Material to process ->
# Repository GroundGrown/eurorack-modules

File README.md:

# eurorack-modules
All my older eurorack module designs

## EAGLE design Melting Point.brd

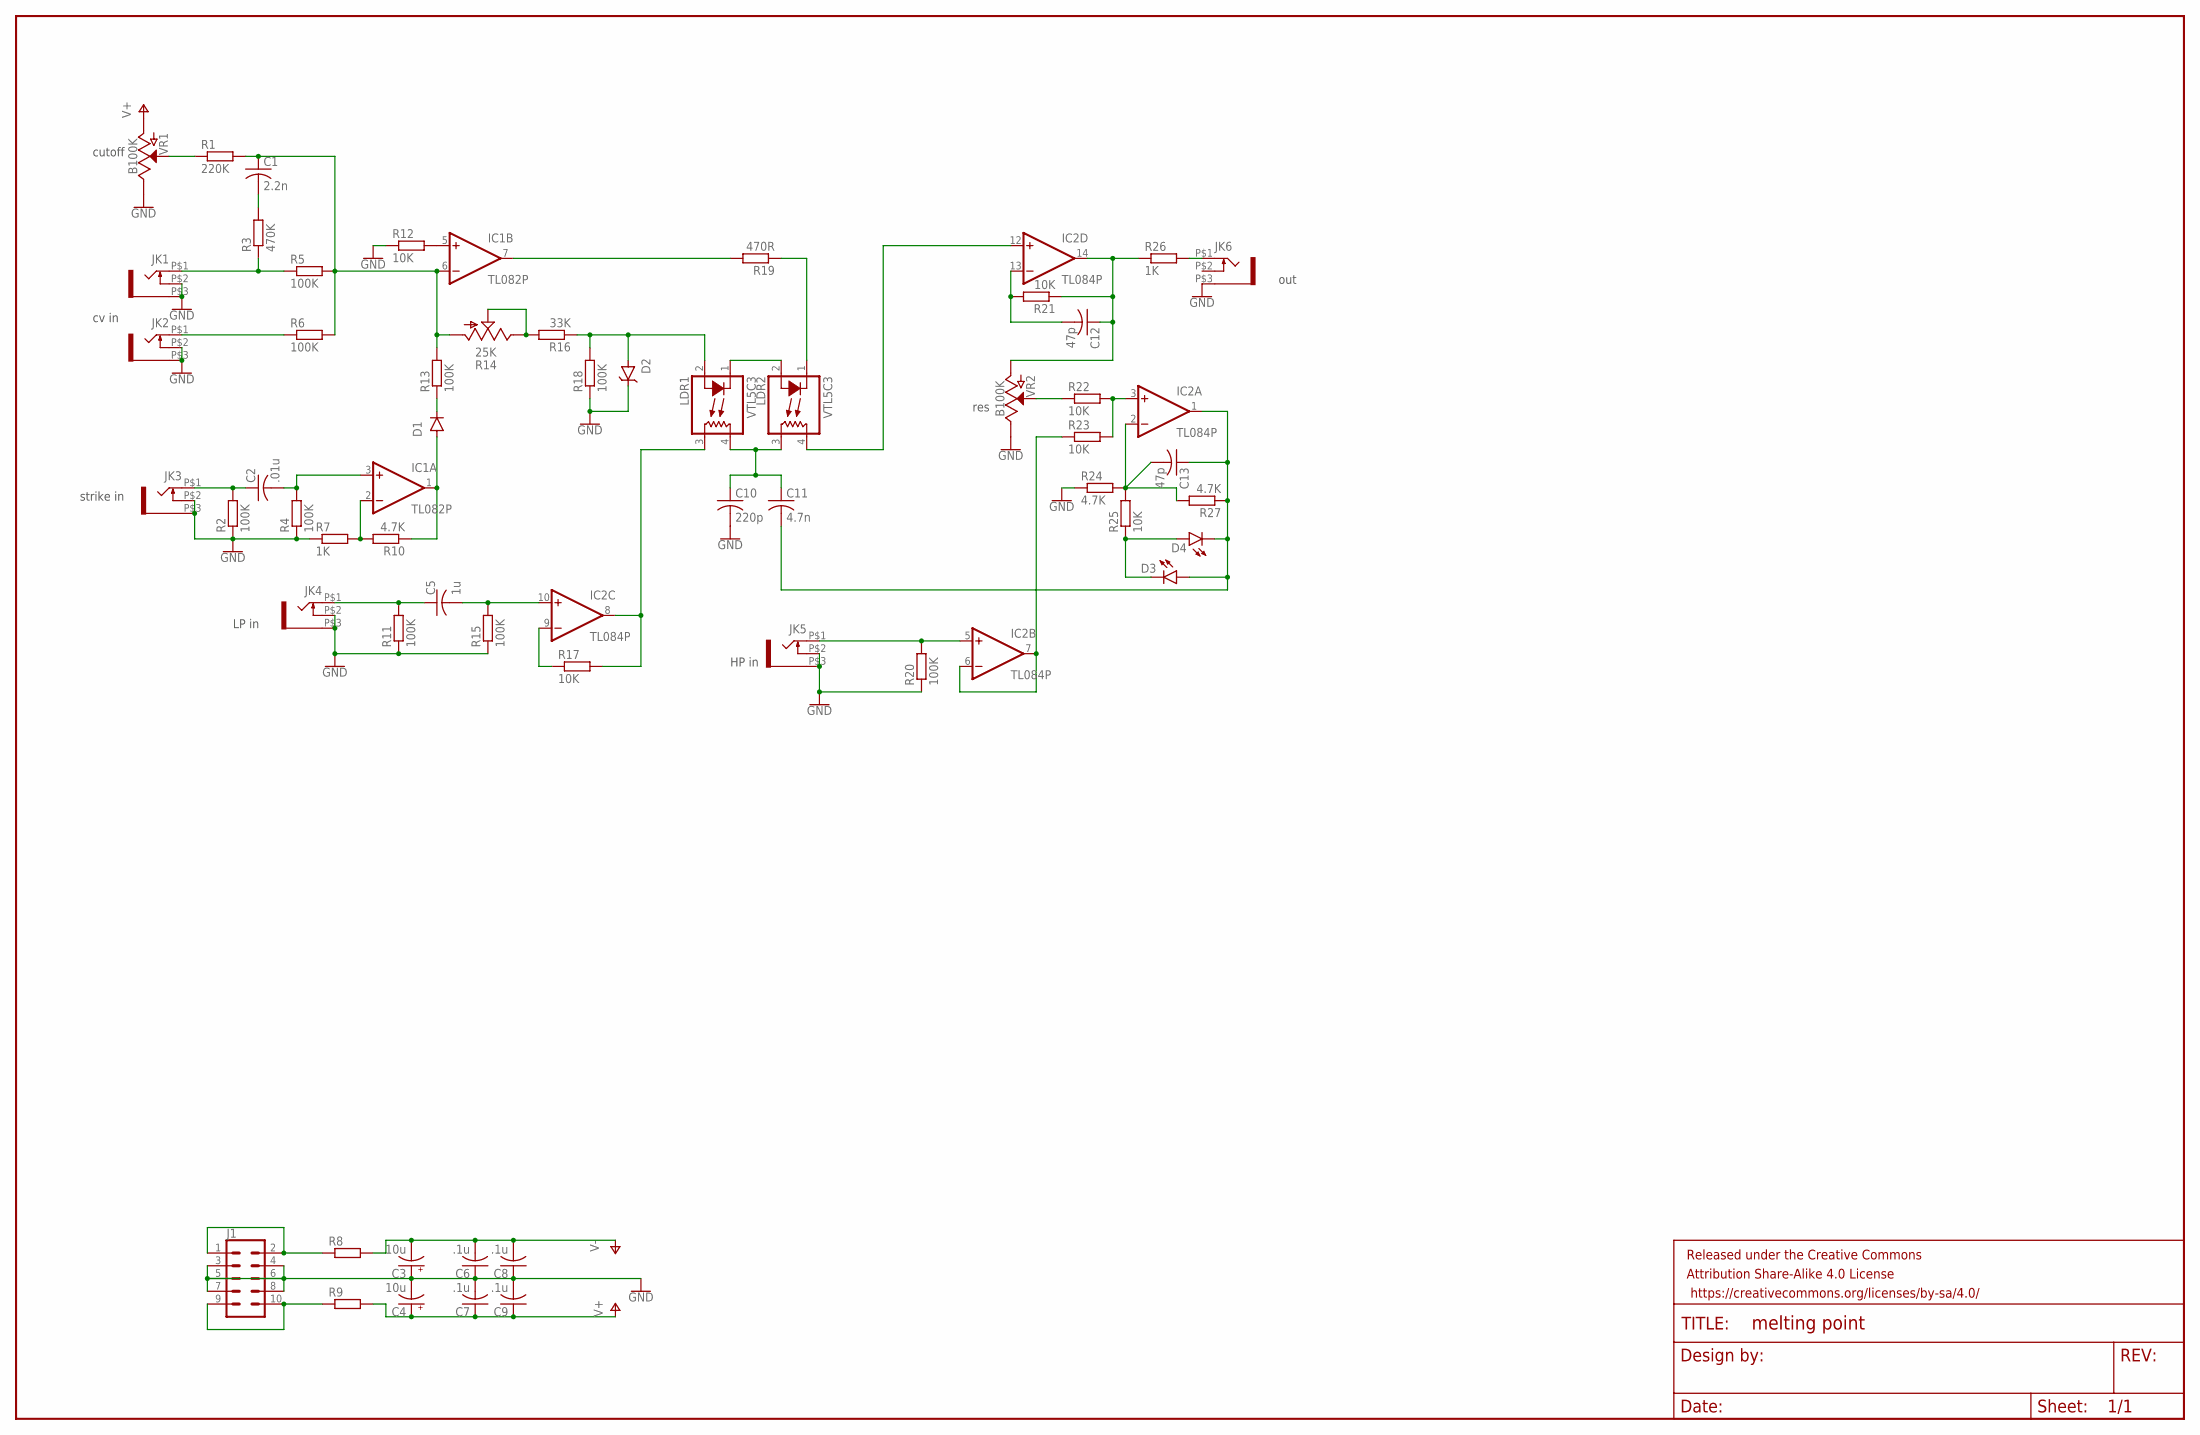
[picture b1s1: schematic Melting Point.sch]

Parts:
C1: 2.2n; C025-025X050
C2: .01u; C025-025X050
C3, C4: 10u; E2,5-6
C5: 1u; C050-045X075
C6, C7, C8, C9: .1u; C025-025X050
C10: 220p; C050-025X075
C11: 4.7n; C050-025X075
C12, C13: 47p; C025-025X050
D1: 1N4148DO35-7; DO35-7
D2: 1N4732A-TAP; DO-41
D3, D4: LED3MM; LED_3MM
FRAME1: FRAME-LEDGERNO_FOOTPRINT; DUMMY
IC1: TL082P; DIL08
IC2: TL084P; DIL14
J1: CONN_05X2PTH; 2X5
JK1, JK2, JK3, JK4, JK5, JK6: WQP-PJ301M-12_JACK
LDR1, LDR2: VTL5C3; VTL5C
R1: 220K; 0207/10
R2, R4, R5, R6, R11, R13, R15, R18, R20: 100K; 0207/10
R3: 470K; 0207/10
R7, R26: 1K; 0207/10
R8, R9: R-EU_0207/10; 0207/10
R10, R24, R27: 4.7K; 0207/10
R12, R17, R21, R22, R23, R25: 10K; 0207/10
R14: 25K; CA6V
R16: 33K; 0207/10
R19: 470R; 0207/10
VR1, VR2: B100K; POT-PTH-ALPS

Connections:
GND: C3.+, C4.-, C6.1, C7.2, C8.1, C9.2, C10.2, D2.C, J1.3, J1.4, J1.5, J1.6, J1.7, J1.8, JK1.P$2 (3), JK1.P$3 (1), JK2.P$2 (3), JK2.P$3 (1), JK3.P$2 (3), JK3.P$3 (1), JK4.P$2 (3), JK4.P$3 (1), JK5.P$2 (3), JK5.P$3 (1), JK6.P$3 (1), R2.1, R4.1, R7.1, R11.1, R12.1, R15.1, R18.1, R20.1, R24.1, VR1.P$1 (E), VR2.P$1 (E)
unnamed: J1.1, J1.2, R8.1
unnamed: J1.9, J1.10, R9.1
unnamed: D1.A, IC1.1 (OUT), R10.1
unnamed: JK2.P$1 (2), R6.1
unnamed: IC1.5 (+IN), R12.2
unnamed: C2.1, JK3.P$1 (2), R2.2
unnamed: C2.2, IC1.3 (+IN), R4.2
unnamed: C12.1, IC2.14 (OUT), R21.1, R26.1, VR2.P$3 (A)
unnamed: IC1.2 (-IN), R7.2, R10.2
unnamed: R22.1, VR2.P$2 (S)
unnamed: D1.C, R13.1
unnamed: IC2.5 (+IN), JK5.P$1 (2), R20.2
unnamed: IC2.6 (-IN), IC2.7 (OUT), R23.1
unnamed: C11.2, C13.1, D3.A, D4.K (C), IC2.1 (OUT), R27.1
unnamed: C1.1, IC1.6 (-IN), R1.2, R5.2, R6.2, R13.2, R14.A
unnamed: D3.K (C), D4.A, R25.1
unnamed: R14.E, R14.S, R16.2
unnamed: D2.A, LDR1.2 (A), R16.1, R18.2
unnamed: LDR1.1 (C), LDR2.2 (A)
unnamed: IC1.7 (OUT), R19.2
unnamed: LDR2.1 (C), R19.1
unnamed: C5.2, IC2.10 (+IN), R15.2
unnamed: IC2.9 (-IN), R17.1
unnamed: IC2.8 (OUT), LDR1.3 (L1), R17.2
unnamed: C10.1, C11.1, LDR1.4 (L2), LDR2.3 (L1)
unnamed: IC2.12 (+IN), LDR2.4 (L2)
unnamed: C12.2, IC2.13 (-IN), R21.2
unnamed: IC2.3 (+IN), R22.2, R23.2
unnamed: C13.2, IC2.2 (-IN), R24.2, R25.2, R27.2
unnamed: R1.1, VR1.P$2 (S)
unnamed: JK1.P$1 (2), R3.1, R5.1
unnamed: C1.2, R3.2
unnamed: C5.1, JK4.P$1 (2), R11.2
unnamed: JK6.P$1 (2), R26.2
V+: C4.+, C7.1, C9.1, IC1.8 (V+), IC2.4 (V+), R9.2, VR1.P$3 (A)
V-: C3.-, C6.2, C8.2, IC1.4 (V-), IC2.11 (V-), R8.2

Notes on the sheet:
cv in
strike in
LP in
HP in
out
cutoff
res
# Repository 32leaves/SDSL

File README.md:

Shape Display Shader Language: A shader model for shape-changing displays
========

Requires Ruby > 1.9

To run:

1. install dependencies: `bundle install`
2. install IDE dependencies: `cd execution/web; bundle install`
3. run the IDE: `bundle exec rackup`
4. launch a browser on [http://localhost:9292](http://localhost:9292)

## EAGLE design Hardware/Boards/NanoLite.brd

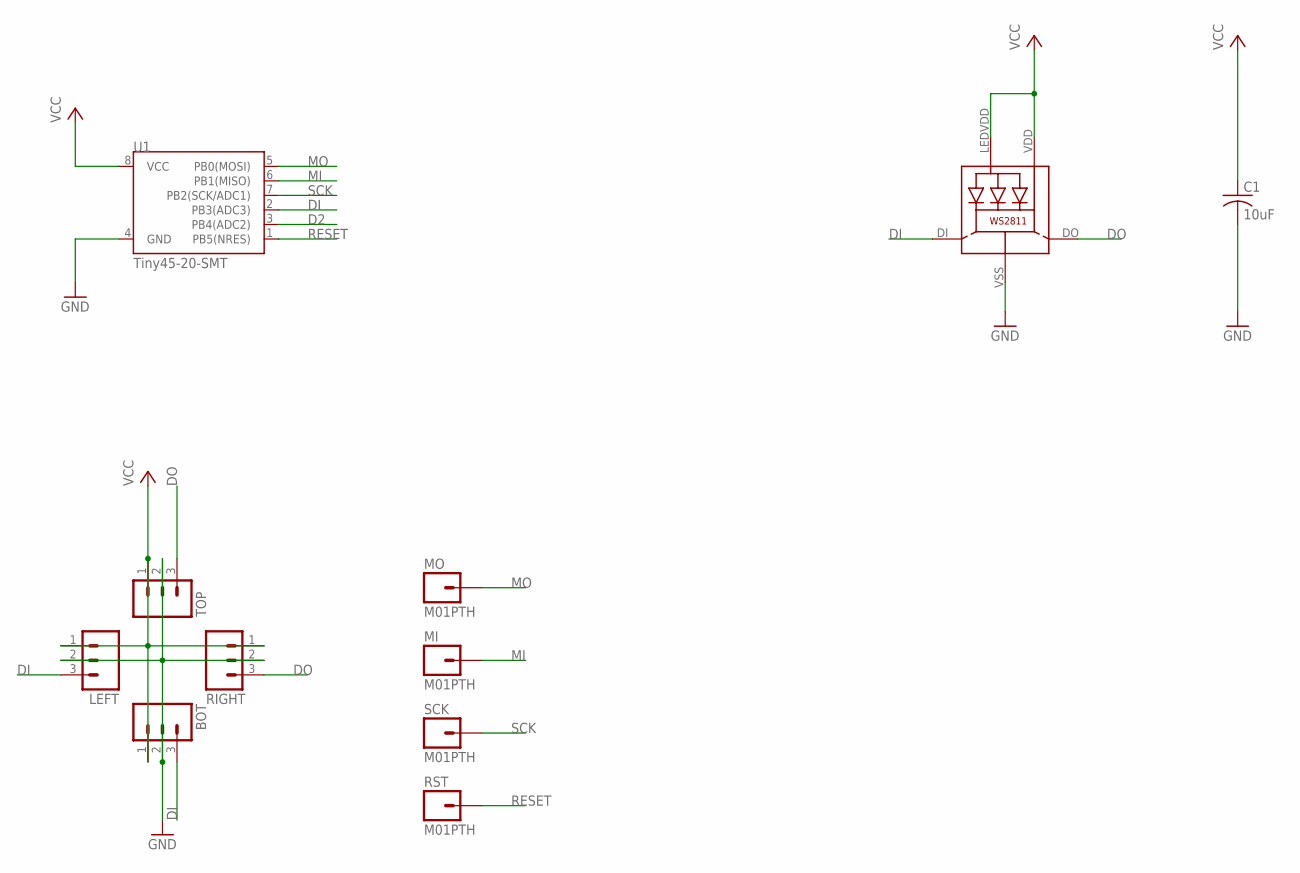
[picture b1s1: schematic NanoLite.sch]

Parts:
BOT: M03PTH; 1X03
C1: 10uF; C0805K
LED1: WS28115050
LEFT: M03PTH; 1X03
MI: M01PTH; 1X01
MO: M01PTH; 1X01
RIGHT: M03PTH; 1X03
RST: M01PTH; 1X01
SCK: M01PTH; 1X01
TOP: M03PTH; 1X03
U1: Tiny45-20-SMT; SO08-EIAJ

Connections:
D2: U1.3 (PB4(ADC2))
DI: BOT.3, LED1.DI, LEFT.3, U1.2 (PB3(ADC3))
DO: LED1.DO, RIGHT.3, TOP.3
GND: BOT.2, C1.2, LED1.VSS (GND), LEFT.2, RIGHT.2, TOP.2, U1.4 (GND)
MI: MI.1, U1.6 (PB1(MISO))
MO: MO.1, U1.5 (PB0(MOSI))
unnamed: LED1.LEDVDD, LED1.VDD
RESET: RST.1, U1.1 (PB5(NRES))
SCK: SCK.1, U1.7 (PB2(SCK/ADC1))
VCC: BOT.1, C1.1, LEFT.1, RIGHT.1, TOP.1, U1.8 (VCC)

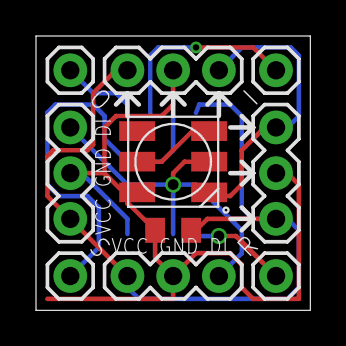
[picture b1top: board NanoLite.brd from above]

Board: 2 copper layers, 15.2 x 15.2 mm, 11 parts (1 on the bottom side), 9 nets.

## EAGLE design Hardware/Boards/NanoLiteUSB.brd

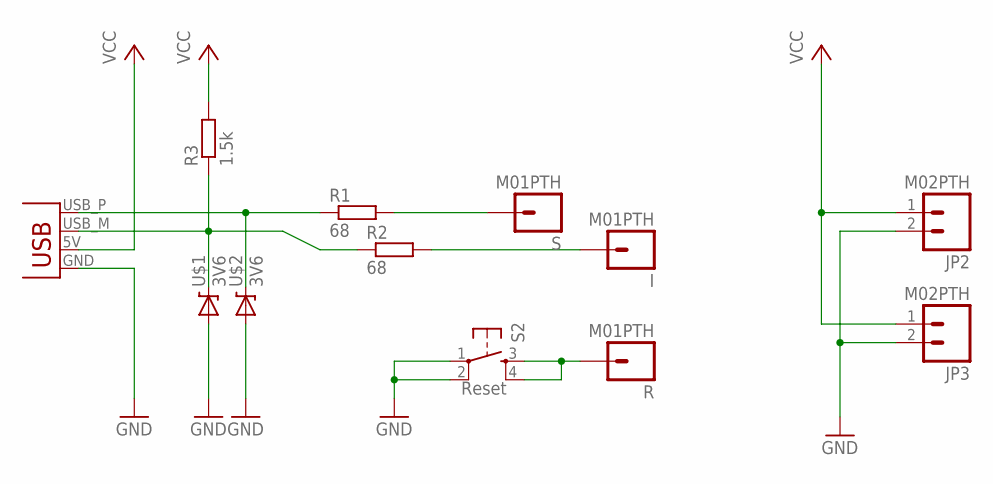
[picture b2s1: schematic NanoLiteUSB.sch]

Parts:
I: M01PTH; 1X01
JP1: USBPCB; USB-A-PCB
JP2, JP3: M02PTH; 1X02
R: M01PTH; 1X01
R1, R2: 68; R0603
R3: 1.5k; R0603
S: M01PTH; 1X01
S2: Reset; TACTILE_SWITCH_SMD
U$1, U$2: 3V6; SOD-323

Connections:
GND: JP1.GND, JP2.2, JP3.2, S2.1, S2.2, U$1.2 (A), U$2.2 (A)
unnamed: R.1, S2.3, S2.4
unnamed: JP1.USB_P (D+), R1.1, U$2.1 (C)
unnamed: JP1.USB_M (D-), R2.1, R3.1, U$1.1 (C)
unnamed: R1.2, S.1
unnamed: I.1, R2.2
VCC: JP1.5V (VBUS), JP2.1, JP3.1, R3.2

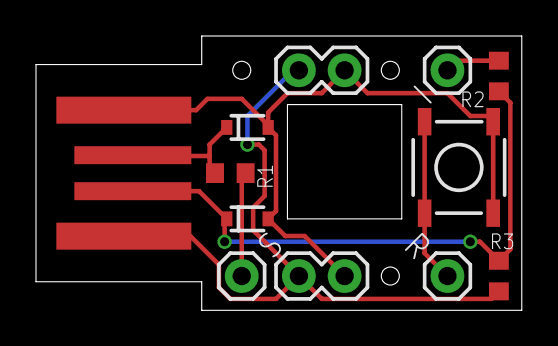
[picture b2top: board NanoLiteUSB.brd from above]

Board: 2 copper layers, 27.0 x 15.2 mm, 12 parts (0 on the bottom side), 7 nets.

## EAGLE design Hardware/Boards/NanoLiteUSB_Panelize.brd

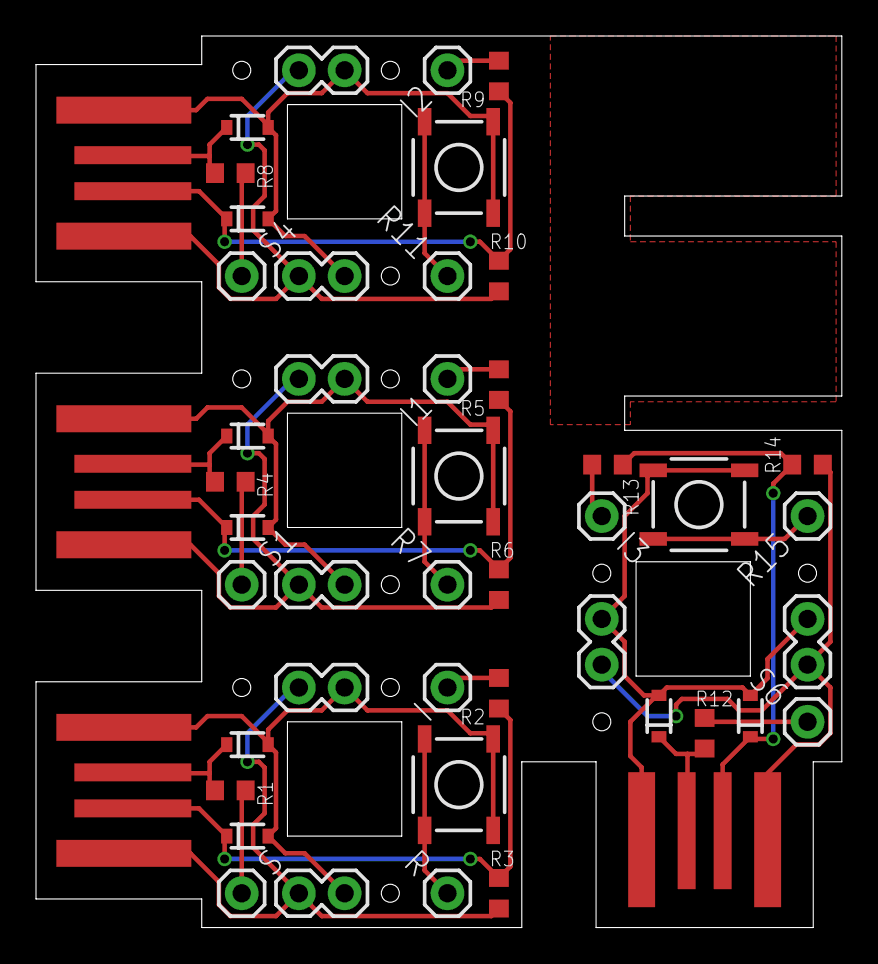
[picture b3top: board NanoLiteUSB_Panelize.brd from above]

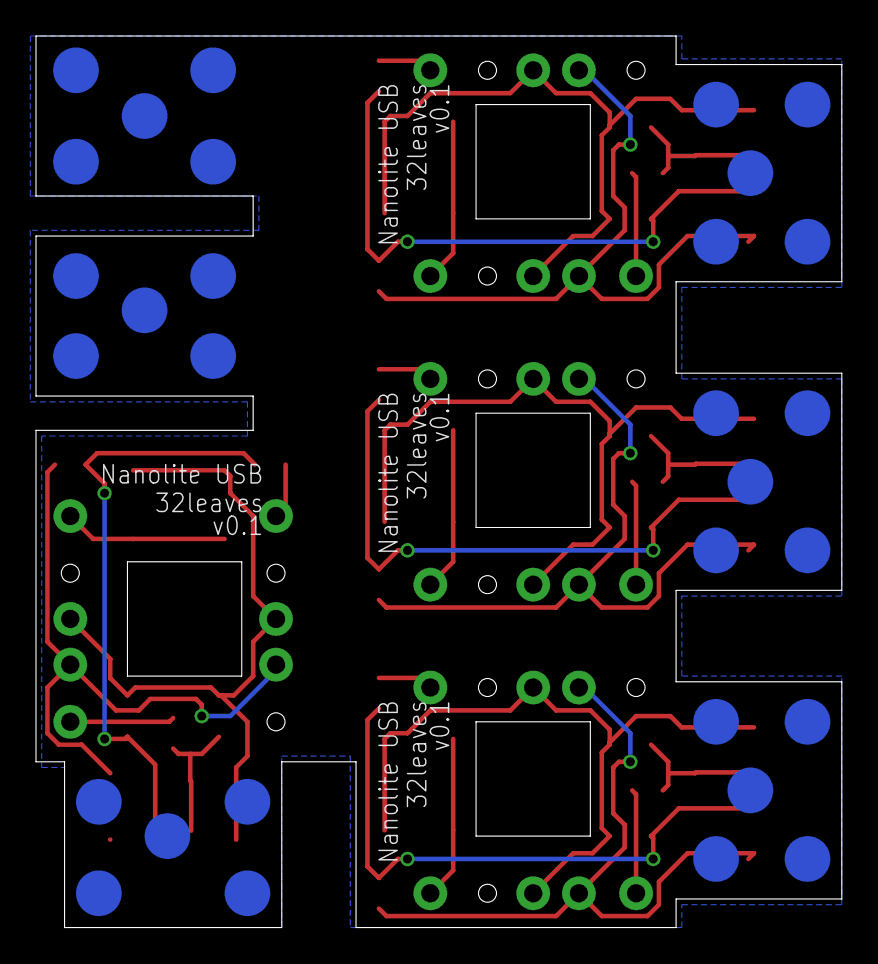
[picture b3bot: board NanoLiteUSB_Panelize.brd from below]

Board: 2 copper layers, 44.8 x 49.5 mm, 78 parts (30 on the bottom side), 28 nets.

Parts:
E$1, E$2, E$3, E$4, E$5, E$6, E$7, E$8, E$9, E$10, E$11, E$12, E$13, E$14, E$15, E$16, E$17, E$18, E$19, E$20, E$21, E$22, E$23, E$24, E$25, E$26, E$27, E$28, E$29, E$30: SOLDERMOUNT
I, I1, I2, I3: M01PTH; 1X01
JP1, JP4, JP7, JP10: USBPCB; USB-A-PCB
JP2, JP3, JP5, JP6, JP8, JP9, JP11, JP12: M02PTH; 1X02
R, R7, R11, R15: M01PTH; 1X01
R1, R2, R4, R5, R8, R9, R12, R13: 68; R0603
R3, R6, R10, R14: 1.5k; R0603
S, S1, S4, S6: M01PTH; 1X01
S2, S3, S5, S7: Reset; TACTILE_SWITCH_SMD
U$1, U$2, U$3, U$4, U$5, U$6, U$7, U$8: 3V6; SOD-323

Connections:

Work order -> Give the lines again exactly, beginning with the first line of the records above and ending with the line that contains "[picture b1s1: schematic Melting Point.sch]", and include no pictures.

Answer space ->
# Repository GroundGrown/eurorack-modules

File README.md:

# eurorack-modules
All my older eurorack module designs

## EAGLE design Melting Point.brd

[picture b1s1: schematic Melting Point.sch]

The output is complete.